**DIRECTIONS**
Lines below starting with the line with "#60=ORIENTED_EDGE('',*,*,#59,.F.);" and going on through the line with "#70=EDGE_CURVE('E54',#69,#69,#67,.T.);" must be output exactly; the rest of the records must be left out.

_ _ _

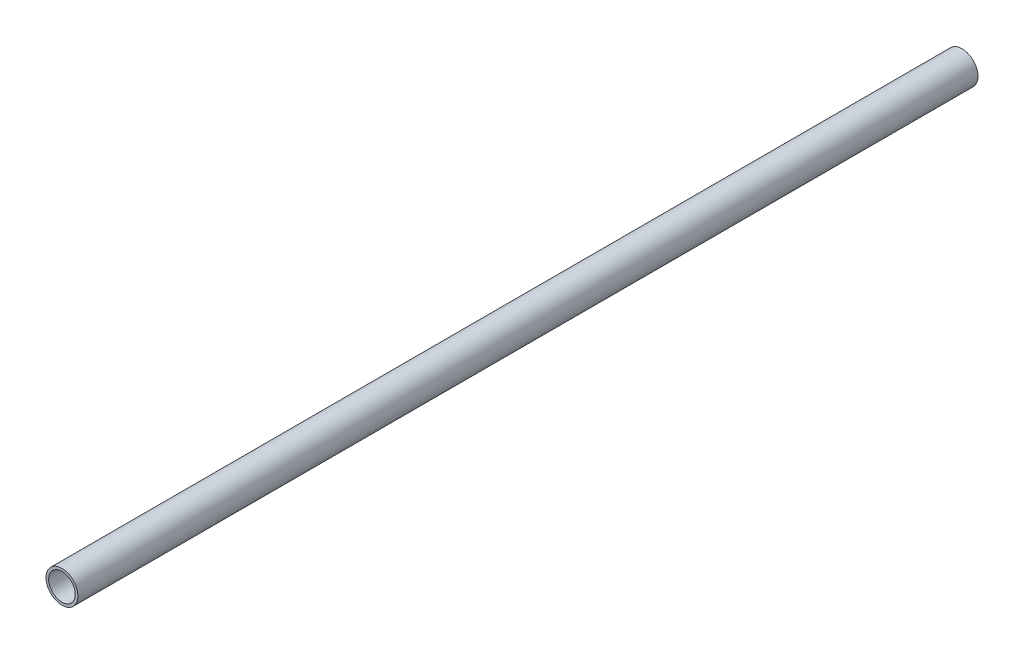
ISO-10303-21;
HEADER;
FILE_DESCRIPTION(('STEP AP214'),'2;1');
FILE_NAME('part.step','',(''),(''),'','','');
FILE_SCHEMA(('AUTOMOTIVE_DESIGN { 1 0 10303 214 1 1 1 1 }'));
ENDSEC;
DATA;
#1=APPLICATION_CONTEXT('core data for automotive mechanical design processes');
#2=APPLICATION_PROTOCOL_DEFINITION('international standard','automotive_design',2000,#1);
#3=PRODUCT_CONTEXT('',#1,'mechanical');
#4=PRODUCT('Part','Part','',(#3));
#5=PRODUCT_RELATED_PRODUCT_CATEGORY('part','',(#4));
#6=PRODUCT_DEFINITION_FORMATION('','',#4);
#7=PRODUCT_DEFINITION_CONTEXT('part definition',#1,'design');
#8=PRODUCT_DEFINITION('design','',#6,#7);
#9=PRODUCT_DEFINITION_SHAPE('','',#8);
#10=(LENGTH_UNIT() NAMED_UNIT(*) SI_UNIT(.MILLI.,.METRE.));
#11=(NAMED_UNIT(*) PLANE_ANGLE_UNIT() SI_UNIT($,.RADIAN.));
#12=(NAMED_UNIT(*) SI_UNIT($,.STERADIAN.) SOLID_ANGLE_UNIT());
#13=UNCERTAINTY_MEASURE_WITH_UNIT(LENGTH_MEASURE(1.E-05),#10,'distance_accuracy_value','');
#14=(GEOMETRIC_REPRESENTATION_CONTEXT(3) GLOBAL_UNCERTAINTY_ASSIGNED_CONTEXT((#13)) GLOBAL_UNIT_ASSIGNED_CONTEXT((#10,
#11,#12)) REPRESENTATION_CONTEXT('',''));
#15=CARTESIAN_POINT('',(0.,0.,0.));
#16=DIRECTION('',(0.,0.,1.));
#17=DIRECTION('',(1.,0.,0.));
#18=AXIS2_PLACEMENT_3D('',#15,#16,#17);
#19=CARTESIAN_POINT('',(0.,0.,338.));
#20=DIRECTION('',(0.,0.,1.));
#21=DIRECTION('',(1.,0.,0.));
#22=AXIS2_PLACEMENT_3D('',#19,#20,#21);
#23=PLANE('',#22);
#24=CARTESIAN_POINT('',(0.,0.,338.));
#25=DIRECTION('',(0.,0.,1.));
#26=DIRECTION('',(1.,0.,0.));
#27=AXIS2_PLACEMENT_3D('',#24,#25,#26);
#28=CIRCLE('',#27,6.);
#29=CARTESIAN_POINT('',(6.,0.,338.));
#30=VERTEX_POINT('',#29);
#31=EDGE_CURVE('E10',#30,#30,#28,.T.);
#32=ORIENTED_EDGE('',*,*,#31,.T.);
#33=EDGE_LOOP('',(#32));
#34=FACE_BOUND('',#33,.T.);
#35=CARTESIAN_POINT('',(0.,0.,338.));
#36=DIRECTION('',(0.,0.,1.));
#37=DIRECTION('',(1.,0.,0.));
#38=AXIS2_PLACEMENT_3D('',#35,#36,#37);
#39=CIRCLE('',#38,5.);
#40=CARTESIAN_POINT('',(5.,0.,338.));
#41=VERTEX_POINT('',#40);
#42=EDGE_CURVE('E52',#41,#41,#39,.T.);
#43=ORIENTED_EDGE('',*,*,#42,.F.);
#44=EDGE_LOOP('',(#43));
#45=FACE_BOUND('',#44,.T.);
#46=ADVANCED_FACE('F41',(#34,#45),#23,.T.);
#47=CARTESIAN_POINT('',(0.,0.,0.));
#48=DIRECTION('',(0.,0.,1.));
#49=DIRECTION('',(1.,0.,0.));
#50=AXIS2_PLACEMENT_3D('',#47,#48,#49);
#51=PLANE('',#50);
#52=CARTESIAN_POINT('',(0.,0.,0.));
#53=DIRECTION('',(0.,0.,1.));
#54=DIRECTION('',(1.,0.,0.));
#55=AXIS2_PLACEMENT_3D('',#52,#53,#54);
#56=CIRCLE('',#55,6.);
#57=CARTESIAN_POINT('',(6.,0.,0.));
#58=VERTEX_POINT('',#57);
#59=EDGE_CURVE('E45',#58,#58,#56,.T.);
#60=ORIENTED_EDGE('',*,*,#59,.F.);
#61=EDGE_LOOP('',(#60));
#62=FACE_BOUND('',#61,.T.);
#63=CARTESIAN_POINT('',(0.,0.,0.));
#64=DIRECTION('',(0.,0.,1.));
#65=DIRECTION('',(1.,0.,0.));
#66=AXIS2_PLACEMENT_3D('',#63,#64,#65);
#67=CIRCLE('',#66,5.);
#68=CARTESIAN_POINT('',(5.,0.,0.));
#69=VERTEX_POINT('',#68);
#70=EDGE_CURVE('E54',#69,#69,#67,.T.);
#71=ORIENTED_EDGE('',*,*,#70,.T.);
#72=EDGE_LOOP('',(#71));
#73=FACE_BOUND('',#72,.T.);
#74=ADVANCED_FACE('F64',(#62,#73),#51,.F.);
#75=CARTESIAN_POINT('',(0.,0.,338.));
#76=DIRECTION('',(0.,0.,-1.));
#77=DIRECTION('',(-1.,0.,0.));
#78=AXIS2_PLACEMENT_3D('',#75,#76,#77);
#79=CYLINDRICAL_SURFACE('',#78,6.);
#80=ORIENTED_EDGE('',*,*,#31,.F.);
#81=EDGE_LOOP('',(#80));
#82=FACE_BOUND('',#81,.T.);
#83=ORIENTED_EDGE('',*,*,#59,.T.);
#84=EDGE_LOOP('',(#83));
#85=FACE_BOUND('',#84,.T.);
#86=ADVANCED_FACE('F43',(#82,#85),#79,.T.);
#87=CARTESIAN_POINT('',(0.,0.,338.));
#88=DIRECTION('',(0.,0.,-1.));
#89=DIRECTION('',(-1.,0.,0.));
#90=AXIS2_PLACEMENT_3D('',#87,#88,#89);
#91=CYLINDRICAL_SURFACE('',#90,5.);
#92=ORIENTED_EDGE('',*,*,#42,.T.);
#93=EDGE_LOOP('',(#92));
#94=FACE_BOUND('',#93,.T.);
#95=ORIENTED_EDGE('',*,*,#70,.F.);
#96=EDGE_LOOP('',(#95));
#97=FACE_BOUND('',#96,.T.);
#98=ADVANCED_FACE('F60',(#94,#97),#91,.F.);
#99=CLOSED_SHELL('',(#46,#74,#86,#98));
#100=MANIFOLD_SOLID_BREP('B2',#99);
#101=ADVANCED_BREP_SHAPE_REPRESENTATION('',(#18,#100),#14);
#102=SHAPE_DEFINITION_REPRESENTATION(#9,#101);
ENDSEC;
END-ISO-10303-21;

_ _ _

**RESULT OF THIS TASK**
#60=ORIENTED_EDGE('',*,*,#59,.F.);
#61=EDGE_LOOP('',(#60));
#62=FACE_BOUND('',#61,.T.);
#63=CARTESIAN_POINT('',(0.,0.,0.));
#64=DIRECTION('',(0.,0.,1.));
#65=DIRECTION('',(1.,0.,0.));
#66=AXIS2_PLACEMENT_3D('',#63,#64,#65);
#67=CIRCLE('',#66,5.);
#68=CARTESIAN_POINT('',(5.,0.,0.));
#69=VERTEX_POINT('',#68);
#70=EDGE_CURVE('E54',#69,#69,#67,.T.);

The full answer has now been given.